Intracluster correlation coefficients for the Brazilian Multicenter Study on Preterm Birth (EMIP): methodological and practical implications
1 Department of Obstetrics and Gynecology, School of Medical Sciences, University of Campinas, Campinas, Brazil
2 Center for Studies in Reproductive Health of Campinas (Cemicamp), Campinas, Brazil
BMC Medical Research Methodology 2014, 14:54 doi:10.1186/1471-2288-14-54Published: 22 April 2014
Cluster-based studies in health research are increasing. An important characteristic of such studies is the presence of intracluster correlation, typically quantified by the intracluster correlation coefficient (ICC), that indicate the proportion of data variability that is explained by the way of clustering. The purpose of this manuscript was to evaluate ICC of variables studied in the Brazilian Multicenter Study on Preterm Birth.
This was a multicenter cross-sectional study on preterm births involving 20 referral hospitals in different regions of Brazil plus a nested case–control study to assess associated factors with spontaneous preterm births. Estimated prevalence rates or means, ICC with 95% confidence intervals, design effects and mean cluster sizes were presented for more than 250 maternal and newborn variables.
Overall, 5296 cases were included in the study (4,150 preterm births and 1,146 term births).

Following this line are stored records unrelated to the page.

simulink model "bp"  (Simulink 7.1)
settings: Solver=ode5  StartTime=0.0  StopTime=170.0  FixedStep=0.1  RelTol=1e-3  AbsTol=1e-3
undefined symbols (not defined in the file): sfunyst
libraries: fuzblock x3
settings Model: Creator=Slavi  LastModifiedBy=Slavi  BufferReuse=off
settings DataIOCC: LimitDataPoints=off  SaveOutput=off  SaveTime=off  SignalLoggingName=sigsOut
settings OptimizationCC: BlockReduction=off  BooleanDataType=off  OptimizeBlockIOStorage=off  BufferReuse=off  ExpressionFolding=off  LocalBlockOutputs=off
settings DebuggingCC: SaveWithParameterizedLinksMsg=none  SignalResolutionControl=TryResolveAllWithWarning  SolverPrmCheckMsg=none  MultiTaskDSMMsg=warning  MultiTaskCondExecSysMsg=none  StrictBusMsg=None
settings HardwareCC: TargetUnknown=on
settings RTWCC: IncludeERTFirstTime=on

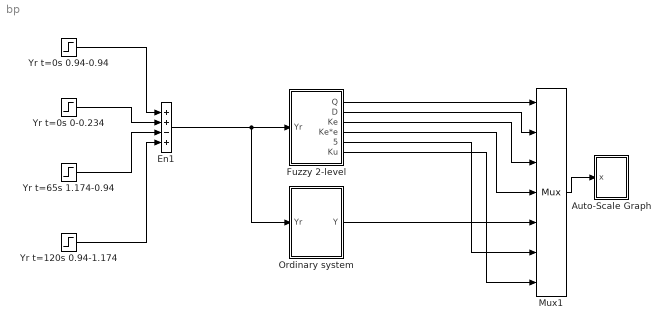
== system bp ==
  Auto-Scale Graph : Subsystem  mask(Storage scope.){@1=170, @2=0, @3=2, @4=20000, @5='r-/m-/b-/g-/k-/r-/b:', @6=.1}
      mask prompts: @1 "Initial Time Range:"; @2 "Initial y-min:"; @3 "Initial y-max:"; @4 "Storage pts.:"; @5 "Line type (rgbw-.:xo):"; @6 "Sample time:"
      mask help:
      | Storage scope using MATLAB graph window.
      | Enter plotting ranges and line type.
      mask init:
      | npts = @4; color = @5; ax = [0, @1, @2, @3]; dt=@6;
      mask Help: Uses MATLAB's graph window.\nUse only one block per system.\nLine type must be in quotes.\nSee the M-file sfunyst.m.
      mask Display: plot(0,0,100,100,[83,76,63,52,42,38,28,16,11,84,11,11,11,90,90,11],[75,58,47,54,72,80,84,74,65,65,65,90,40,40,90,90])
  En1 : Sum  Inputs=++-+  OutDataType=sfix(16)  OutScaling=2^0  SaturateOnIntegerOverflow=on  InputSameDT=on  OutDataTypeStr=Inherit: Same as first input
  Fuzzy 2-level : Subsystem
  Mux1 : Mux  Inputs=7
  Ordinary system : Subsystem
  Yr t=0s 0-0.234 : Step  Time=0  After=0.234  SampleTime=0.1
  Yr t=0s 0.94-0.94 : Step  Time=0  Before=0.94  After=0.94  SampleTime=0.1
  Yr t=120s 0.94-1.174 : Step  Time=120  After=0.234  SampleTime=0.1
  Yr t=65s 1.174-0.94 : Step  Time=65  After=0.234  SampleTime=0.1
  wires:
  Mux1/1 -> Auto-Scale Graph/1(x)
  Yr t=0s 0.94-0.94/1 -> En1/1
  En1/1 -> Fuzzy 2-level/1(Yr), Ordinary system/1(Yr)
  Fuzzy 2-level/1(Q) -> Mux1/1
  Fuzzy 2-level/2(D) -> Mux1/2
  Fuzzy 2-level/3(Ke) -> Mux1/3
  Ordinary system/1(Y) -> Mux1/5
  Fuzzy 2-level/4(Ke*e) -> Mux1/4
  Fuzzy 2-level/5("  Sum(e^2) ") -> Mux1/6
  Fuzzy 2-level/6(Ku) -> Mux1/7
  Yr t=0s 0-0.234/1 -> En1/2
  Yr t=65s 1.174-0.94/1 -> En1/3
  Yr t=120s 0.94-1.174/1 -> En1/4

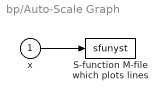
== system bp/Auto-Scale Graph ==
  x : Inport  OutDataType=sfix(16)  OutScaling=2^0
  "S-function M-file which plots lines " : S-Function  LoadFcn=sfunyst([],[],[],'LoadBlock')  FunctionName=sfunyst  Parameters=ax, color, npts, dt  EnableBusSupport=off
      settings: CopyFcn=sfunyst([],[],[],'CopyBlock')  DeleteFcn=sfunyst([],[],[],'DeleteBlock')
  wires:
  x/1 -> "S-function M-file which plots lines "/1

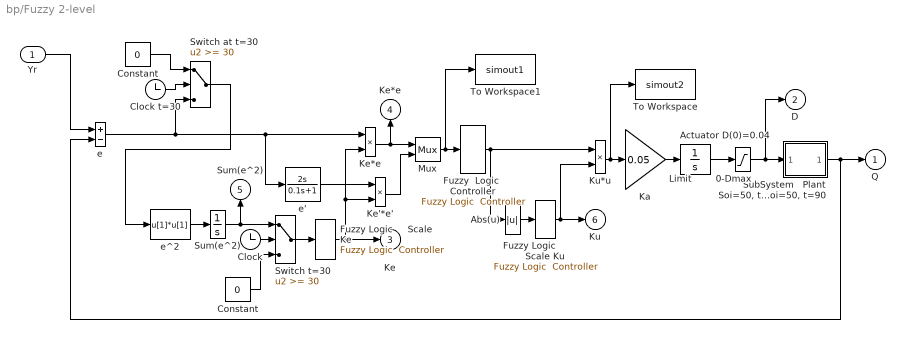
== system bp/Fuzzy 2-level ==
  Yr : Inport  SampleTime=0.5  OutDataType=sfix(16)  OutScaling=2^0
  "        Fuzzy Logic            Scale Ku" : fuzblock/Fuzzy Logic  Controller  SystemSampleTime=-1  fis=supervisor_razmit.fis
  "      Limit        0-Dmax" : Saturate  UpperLimit=0.3  LowerLimit=0
  "  Fuzzy Logic     Scale Ke" : fuzblock/Fuzzy Logic  Controller  SystemSampleTime=-1  fis=supervisor_razmit.fis
  "Abs(u) " : Abs  SaturateOnIntegerOverflow=on
  Actuator D(0)=0.04 : Integrator  InitialCondition=0.04
  Clock t=30 : Clock
      settings: Decimation=30
  "Clock  " : Clock
      settings: Decimation=30
  Constant : Constant  Value=0  OutDataType=sfix(16)  OutScaling=2^0
  "Constant " : Constant  Value=0  OutDataType=sfix(16)  OutScaling=2^0
  Fuzzy  Logic  Controller : fuzblock/Fuzzy Logic  Controller  SystemSampleTime=-1  fis=razmit_pi.fis
  Ka : Gain  Gain=0.05  ParameterDataType=sfix(16)  ParameterScaling=2^0  OutDataType=sfix(16)  OutScaling=2^0  SaturateOnIntegerOverflow=on  OutDataTypeStr=Inherit: Same as input  ParamDataTypeStr=Inherit: Same as input
  Ke'*e' : Product  OutDataType=sfix(16)  OutScaling=2^0  SaturateOnIntegerOverflow=on  InputSameDT=on  OutDataTypeStr=Inherit: Same as first input
  "Ke*e " : Product  OutDataType=sfix(16)  OutScaling=2^0  SaturateOnIntegerOverflow=on  InputSameDT=on  OutDataTypeStr=Inherit: Same as first input
  Ku*u : Product  OutDataType=sfix(16)  OutScaling=2^0  SaturateOnIntegerOverflow=on  InputSameDT=on  OutDataTypeStr=Inherit: Same as first input
  Mux : Mux  Inputs=2
  "SubSystem   Plant Soi=50, t=0 Soi=70, t=30 Soi=50, t=90" : Subsystem
  "Sum(e^2)  " : Integrator
  Switch at t=30 : Switch  Threshold=30  SaturateOnIntegerOverflow=on  InputSameDT=on
  Switch t=30 : Switch  Threshold=30  SaturateOnIntegerOverflow=on  InputSameDT=on
  To Workspace : ToWorkspace  VariableName=simout2  SampleTime=-1  SaveFormat=Array
  To Workspace1 : ToWorkspace  VariableName=simout1  SampleTime=-1  SaveFormat=Array
  e : Sum  Inputs=+-  OutDataType=sfix(16)  OutScaling=2^0  SaturateOnIntegerOverflow=on  InputSameDT=on  OutDataTypeStr=Inherit: Same as first input
  e' : TransferFcn  Numerator=[2 0]  Denominator=[0.1 1]
  e^2 : Fcn  Expr=u[1]*u[1]
  Q : Outport
  D : Outport  Port=2
  Ke : Outport  Port=3
  Ke*e : Outport  Orientation=up  Port=4
  "  Sum(e^2) " : Outport  Orientation=up  Port=5
  Ku : Outport  Port=6
  wires:
  Yr/1 -> e/1
  "SubSystem   Plant Soi=50, t=0 Soi=70, t=30 Soi=50, t=90"/1(Out2) -> Q/1, e/2
  "Ke*e "/1 -> Ke*e/1, Mux/1
  "      Limit        0-Dmax"/1 -> "SubSystem   Plant Soi=50, t=0 Soi=70, t=30 Soi=50, t=90"/1(In1), D/1
  Actuator D(0)=0.04/1 -> "      Limit        0-Dmax"/1
  Mux/1 -> Fuzzy  Logic  Controller/1, To Workspace1/1
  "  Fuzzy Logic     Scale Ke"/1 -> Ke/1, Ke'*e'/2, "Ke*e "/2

ICC ranged from <0.001 to 0.965, with a median of 0.028. For descriptive characteristics (socio-demographic, obstetric history and perinatal outcomes) the median ICC was 0.014, for newborn outcomes the median ICC was 0.041 and for process variables (clinical management and delivery), it was 0.102. ICC was <0.1 in 78.4% of the variables and <0.3 for approximately 95% of them. Most of ICC >0.3 was found in some clinical management aspects well defined in literature such as use of corticosteroids, indicating there was homogeneity in clusters for these variables.
Clusters selected for Brazilian Multicenter Study on Preterm Birth had mainly heterogeneous findings and these results can help researchers estimate the required sample size for future studies on maternal and perinatal health.